MR JUSTICE LIGHTMAN said that a lessor who claimed that the lessee had committed a breach of covenant which triggered a right to forfeit the lease, had served the necessary notice and had not waived the right of forfeiture might (1)peaceably re-enter, take possession and thereby forfeit the lease; (2)issue and serve a writ electing immediately and unequivocally to forfeit and claim possession; (3)issue and serve a writ cliaming in the alternative (a) determination that the lease had been forfeited and (b)enforcement of the covenants in the lease.

In Billson v Residential Properties (1992) 1 AC 494 Lord Templeman stated that the legal effect of (1) and (2) were the same.

In this case the landlord by its writ after pleading a breach of the covenant made the immediate election to forfeit.

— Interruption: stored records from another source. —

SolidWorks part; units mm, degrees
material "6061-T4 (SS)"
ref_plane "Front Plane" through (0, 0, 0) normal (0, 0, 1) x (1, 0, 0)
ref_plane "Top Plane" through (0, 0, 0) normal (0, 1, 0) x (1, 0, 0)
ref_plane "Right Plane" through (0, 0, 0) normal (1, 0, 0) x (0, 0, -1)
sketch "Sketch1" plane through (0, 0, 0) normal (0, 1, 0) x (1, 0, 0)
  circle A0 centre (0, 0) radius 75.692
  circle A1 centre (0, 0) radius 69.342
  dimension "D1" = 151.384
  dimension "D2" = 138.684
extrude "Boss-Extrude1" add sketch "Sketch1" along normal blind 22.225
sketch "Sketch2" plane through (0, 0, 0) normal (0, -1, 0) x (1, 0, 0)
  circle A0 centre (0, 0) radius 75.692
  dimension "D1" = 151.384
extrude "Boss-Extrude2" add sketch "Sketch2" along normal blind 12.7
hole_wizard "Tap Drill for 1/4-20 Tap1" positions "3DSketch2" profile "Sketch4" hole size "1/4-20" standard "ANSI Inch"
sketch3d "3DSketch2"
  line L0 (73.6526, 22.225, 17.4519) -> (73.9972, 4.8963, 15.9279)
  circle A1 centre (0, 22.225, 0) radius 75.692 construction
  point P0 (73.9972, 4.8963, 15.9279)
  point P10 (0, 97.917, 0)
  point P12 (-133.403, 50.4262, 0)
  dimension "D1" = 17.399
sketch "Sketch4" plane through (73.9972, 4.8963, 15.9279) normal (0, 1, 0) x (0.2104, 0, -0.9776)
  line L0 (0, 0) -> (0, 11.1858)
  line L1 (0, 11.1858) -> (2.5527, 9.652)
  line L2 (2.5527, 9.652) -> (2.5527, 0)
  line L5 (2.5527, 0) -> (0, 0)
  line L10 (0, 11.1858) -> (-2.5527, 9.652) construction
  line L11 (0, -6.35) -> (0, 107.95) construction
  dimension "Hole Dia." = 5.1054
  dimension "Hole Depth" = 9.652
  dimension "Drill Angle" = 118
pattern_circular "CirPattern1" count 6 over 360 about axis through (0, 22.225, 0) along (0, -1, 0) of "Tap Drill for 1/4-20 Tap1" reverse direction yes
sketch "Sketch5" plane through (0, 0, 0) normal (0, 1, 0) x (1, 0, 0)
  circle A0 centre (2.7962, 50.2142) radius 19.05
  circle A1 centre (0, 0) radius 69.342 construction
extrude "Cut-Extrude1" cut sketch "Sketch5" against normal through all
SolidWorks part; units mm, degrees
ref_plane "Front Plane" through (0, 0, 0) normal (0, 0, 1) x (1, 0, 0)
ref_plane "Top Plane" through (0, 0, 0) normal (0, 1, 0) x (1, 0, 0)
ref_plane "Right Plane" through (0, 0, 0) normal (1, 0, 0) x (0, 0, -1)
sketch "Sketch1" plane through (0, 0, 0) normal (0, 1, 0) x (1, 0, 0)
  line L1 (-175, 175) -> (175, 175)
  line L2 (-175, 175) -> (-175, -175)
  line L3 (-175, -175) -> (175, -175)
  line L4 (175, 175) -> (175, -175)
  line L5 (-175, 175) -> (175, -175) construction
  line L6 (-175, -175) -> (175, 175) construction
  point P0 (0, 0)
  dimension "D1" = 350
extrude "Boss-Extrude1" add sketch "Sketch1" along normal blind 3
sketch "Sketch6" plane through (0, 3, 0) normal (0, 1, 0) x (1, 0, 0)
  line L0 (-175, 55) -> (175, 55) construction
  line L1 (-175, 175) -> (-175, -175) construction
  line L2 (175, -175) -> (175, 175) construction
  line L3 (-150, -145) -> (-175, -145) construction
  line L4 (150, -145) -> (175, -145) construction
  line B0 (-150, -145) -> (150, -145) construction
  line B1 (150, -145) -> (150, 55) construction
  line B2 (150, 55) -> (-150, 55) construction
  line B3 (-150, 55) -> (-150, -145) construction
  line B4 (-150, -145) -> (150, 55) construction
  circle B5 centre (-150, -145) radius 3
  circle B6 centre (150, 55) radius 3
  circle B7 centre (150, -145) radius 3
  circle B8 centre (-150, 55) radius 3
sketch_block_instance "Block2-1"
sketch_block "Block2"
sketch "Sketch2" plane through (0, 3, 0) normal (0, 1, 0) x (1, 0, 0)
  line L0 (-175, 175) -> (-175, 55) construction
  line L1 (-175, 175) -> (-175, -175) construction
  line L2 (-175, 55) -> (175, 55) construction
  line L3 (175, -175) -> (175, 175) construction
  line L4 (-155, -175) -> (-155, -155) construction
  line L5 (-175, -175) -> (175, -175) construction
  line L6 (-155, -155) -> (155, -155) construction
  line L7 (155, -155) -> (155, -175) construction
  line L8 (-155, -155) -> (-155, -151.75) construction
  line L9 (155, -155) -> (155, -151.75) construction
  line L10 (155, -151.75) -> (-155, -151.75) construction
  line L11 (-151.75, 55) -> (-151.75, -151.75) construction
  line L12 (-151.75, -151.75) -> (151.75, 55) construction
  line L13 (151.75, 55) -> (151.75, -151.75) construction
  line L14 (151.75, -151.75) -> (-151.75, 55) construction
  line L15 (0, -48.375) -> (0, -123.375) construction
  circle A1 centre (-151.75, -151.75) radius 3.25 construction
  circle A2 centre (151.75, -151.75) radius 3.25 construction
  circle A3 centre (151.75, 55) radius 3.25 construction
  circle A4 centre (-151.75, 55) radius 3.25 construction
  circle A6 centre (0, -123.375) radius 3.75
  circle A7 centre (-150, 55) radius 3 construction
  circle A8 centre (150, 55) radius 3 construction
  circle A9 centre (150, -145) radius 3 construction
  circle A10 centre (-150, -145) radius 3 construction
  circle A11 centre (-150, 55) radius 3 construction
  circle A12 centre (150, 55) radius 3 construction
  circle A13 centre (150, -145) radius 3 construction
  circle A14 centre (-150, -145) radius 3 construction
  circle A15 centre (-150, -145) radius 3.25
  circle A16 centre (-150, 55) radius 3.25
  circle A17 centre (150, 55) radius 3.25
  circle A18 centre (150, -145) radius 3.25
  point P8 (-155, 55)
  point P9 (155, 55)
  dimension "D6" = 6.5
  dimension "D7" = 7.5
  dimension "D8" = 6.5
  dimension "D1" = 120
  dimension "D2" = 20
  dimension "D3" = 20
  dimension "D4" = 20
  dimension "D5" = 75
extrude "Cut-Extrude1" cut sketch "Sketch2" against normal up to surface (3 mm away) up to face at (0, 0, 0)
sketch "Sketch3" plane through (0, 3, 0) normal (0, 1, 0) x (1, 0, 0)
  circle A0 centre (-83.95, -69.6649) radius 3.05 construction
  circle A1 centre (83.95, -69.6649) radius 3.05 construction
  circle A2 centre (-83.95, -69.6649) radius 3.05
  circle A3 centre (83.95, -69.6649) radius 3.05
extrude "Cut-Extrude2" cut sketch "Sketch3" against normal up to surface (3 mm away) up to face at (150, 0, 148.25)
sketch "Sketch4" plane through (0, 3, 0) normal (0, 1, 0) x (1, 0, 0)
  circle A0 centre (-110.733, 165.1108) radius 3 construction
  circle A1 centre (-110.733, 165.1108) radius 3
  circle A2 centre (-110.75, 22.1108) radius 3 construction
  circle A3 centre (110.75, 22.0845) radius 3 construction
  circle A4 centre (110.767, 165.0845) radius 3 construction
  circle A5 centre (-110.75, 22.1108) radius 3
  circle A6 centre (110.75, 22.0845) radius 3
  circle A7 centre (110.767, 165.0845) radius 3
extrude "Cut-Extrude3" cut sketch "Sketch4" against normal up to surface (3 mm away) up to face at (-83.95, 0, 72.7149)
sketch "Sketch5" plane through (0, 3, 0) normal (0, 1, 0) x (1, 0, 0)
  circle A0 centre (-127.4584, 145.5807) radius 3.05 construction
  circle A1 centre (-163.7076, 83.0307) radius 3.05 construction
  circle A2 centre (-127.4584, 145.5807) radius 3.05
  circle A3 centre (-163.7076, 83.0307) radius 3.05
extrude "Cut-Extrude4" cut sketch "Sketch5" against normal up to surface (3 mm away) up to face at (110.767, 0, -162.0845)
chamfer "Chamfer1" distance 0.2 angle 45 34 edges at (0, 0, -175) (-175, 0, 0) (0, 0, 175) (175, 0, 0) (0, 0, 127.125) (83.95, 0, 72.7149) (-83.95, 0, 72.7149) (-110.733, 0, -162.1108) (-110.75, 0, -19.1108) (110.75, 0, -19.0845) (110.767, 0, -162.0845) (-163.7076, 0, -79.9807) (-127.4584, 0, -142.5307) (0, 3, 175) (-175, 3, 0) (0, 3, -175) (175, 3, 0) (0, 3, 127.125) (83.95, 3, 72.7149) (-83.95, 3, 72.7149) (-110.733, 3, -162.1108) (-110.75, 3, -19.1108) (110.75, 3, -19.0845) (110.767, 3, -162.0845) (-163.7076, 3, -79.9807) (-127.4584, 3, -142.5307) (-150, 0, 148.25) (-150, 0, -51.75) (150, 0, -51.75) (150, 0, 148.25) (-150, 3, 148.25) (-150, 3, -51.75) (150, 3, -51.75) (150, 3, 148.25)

In law this was the equivalent of the landlord peaceably re-entering and taking possession. The lease was to be treated as determined by forfeiture.

As a matter of justice, after the lessor had made this election and the lessee had accepted the new relationship of landowner and trespasser thereby created, the lessee should not be required to face the risk of a change of mind by the lessor justified by second throughts as to his entitlement to take the draconian course of forfeiture by revisiting questions as to the sufficiency of his notice or the existence of the breach of covenant.

There was no basis in the statement of facts for any arguable allegation of misrepresentation, express or implied, by the tenant inducing the landlord's mistaken view that the tenant had committed a breach of covenant. There was no requirement of knowledge or absence of mistake for a valid and binding decision to exercise a contractual right.